Thanks for the help you did give and for all of your time! I welcome more ideas...
Clayton


----------



## Fred Garvin (Sep 4, 2010)

Clayton, I'll post some other info in a bit, but one question. On the Averatec computer, right click on the C drive and select Properties. Look for the type of File System - it should say NTFS or FAT32 somewhere. Let me know what it is.


----------



## Fred Garvin (Sep 4, 2010)

I don't have an explanation for all your questions, but I'm pretty certain it's just a configuration and authentication error. XP Home has some limitations that XP Pro doesn't have, but they are both capable of file sharing with Vista & Win7.

I just set up an XP Home computer with a Vista Home computer as a test and they are sharing both ways. Let's verify some settings on your Vista computer.
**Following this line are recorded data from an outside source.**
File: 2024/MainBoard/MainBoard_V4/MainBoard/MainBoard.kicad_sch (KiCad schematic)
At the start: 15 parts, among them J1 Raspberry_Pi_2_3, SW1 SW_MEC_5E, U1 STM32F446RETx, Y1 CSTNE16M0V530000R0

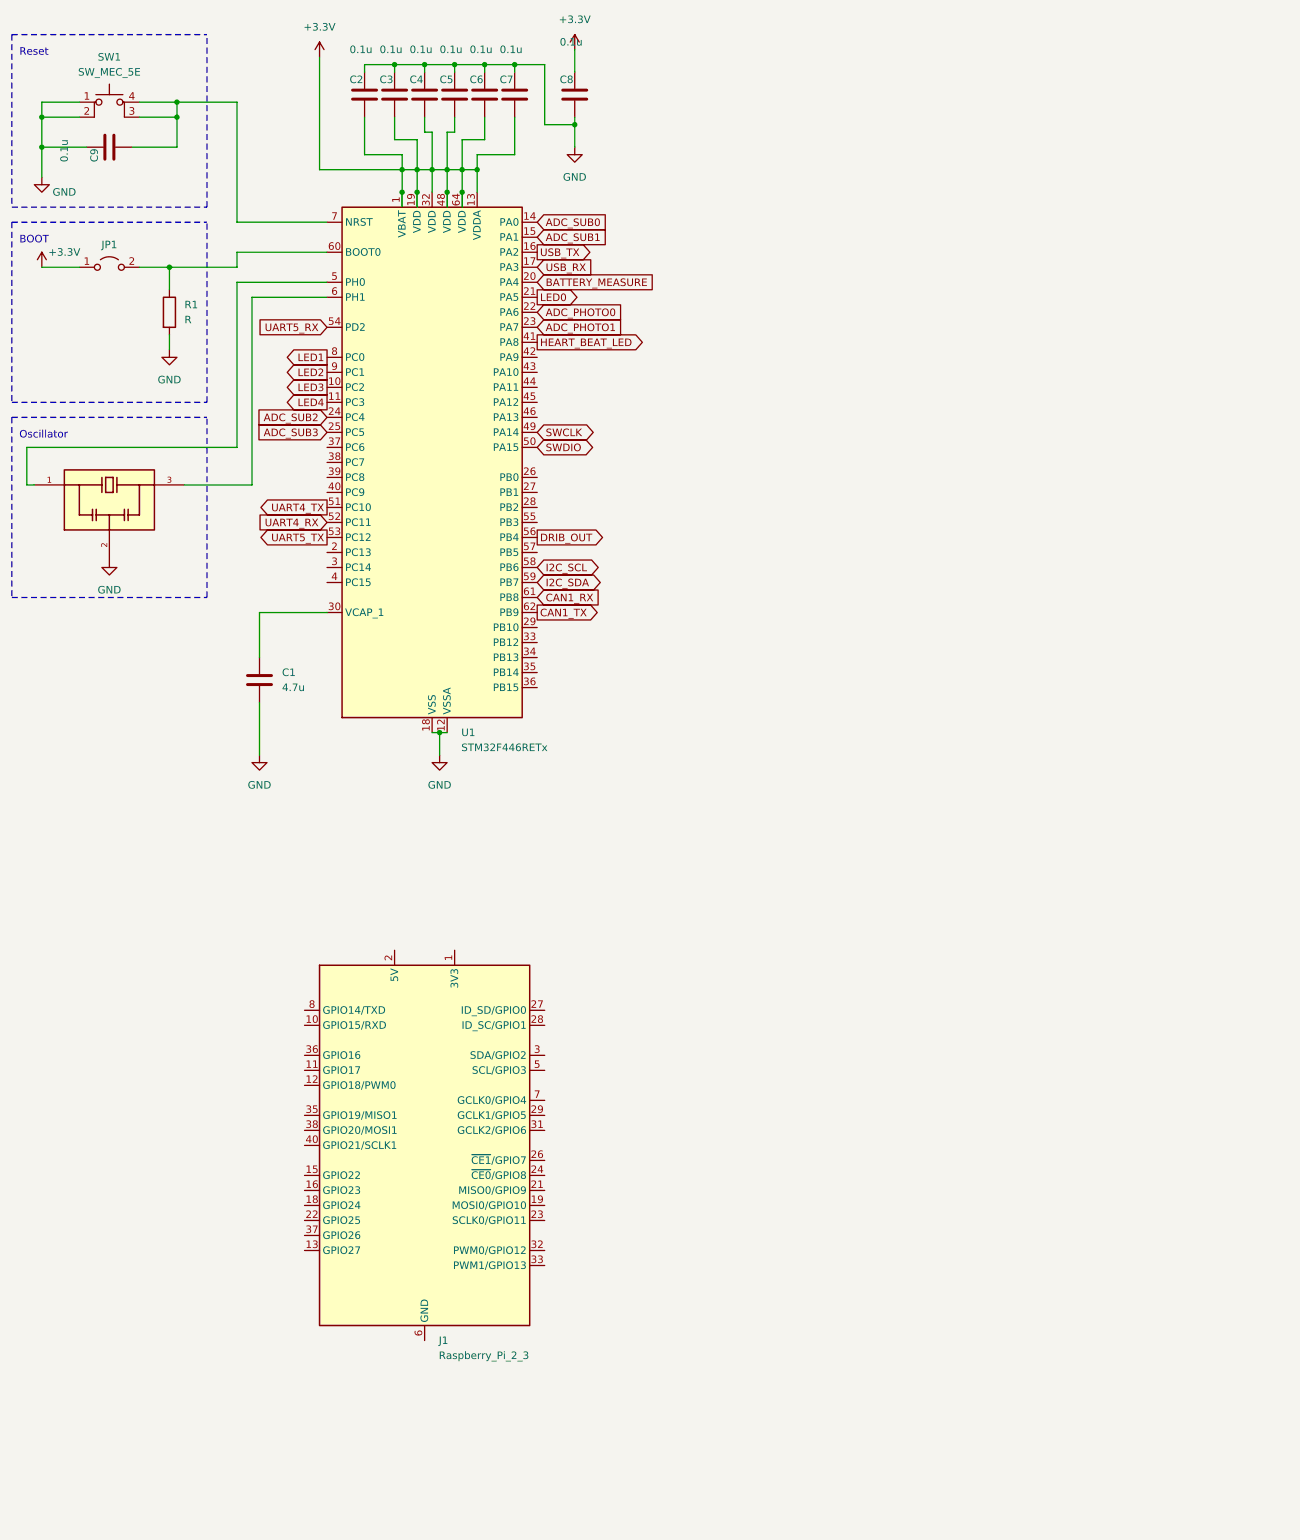
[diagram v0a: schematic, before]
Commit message: ✨ラズパイ周りとUSBシリアル変換周りの回路図を描いた
 USBを刺した時にラズパイが5Vで起動しないようにしないといけない?
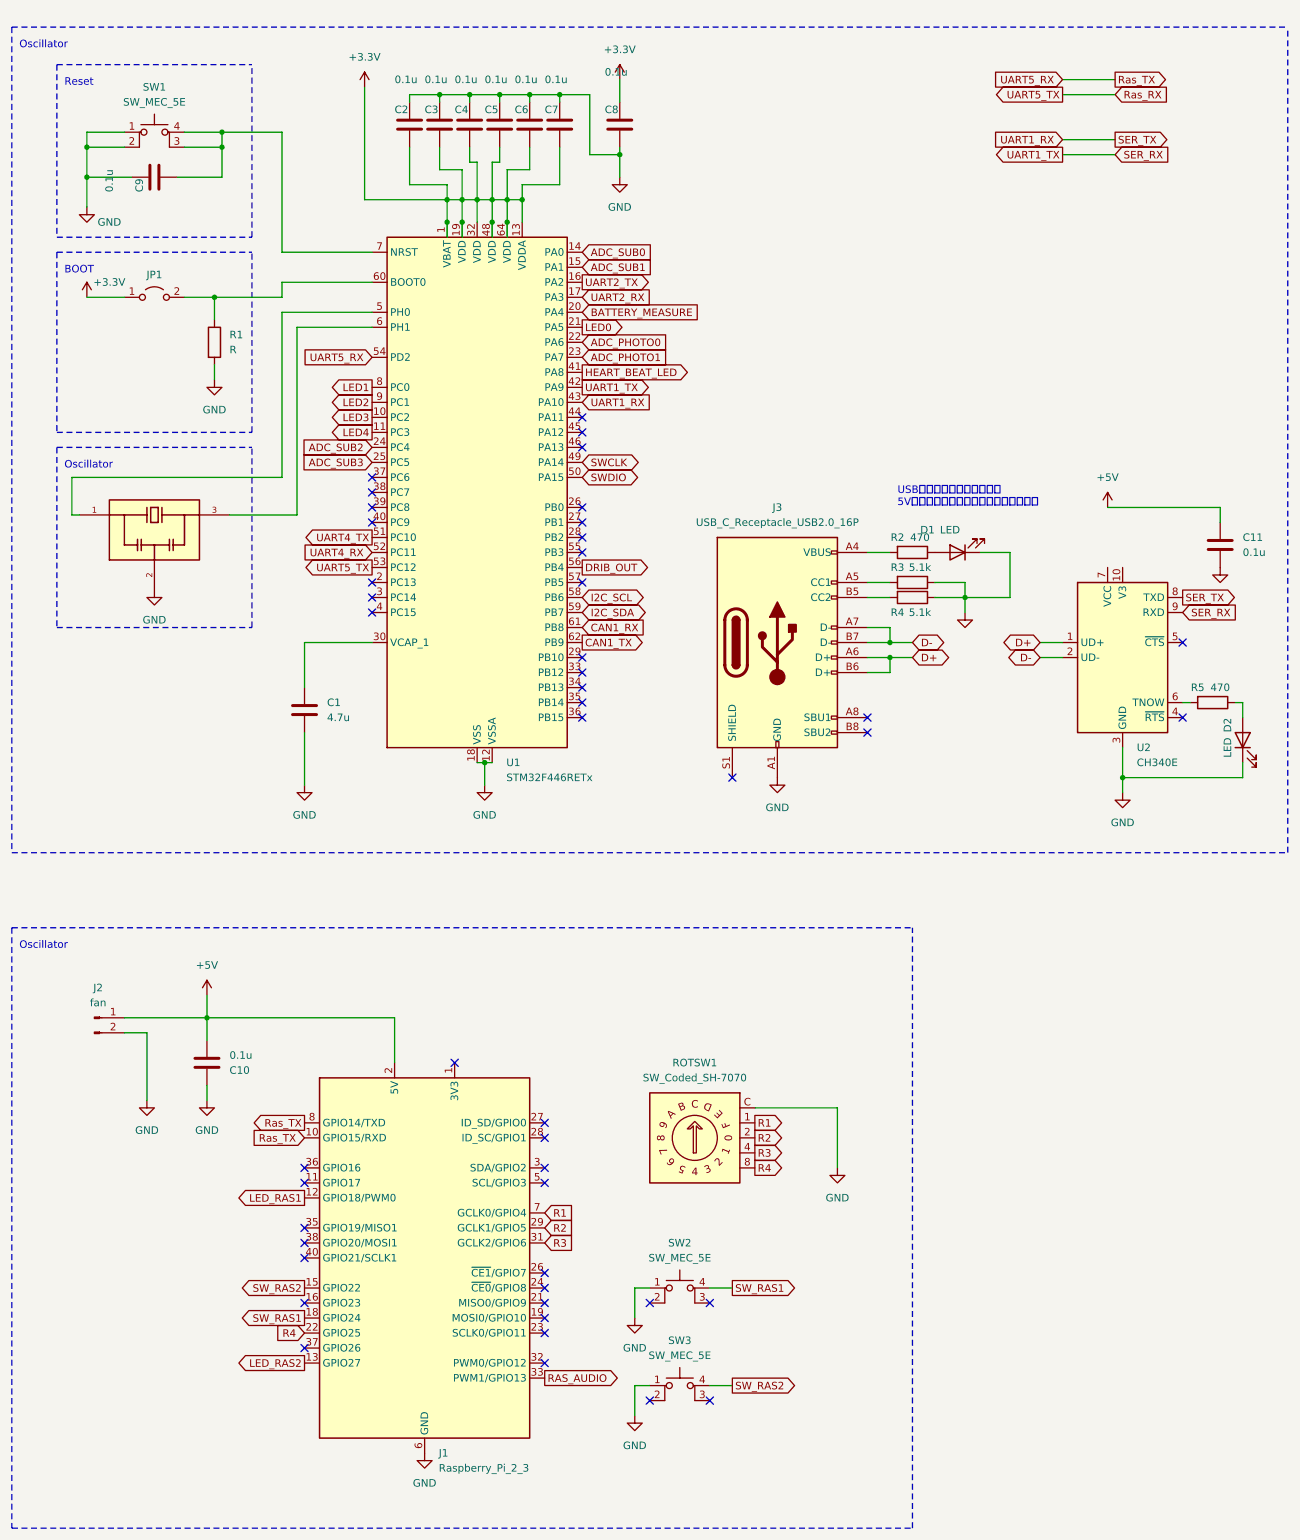
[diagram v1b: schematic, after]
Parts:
- added C10, C11: 0.1u, Capacitor_SMD:C_0504_1310Metric_Pad0.83x1.28mm_HandSolder, symbol Device:C
- added D1, D2: LED, LED_SMD:LED_0603_1608Metric_Pad1.05x0.95mm_HandSolder, symbol Device:LED
- added J2: fan, Resistor_SMD:R_2816_7142Metric_Pad3.20x4.45mm_HandSolder, symbol Connector:Conn_01x02_Pin
- added J3: USB_C_Receptacle_USB2.0_16P, Connector_USB:USB_C_Receptacle_GCT_USB4105-xx-A_16P_TopMnt_Horizontal, symbol Connector:USB_C_Receptacle_USB2.0_16P
- added R2, R5: 470, Resistor_SMD:R_0603_1608Metric_Pad0.98x0.95mm_HandSolder, symbol Device:R
- added R3, R4: 5.1k, Resistor_SMD:R_0603_1608Metric_Pad0.98x0.95mm_HandSolder, symbol Device:R
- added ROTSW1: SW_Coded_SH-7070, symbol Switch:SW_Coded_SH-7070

Go to Control Panel then Network and Sharing.
Look under the networking icons and next to your network name, it should say *Private Network* (not Public Network). Could be the problem right there.
Looking under Sharing and Discovery, click the drop down arrows on the right as we go down the list. Your settings should match the ones in my image.
Under the *File Sharing* heading, turn file sharing *OFF *then click apply. Give Windows a minute as it re-identifies your network up at the top of the page. Then go back and turn File Sharing *ON*. A box should pop up asking if you want to make this a Private Network - click Yes to make Private.
Then select the other options to match my snapshot.

You should be able to leave the password on your username for Vista and XP will not have a password on it.

Open Windows Explorer on the XP computer and scroll down to *My Network Places*, then click the + sign to show Entire Network, Microsoft Windows Network then Workgroup. Tap the F5 key a few times to refresh the view if the other computer doesn't appear. Try accessing a shared folder. 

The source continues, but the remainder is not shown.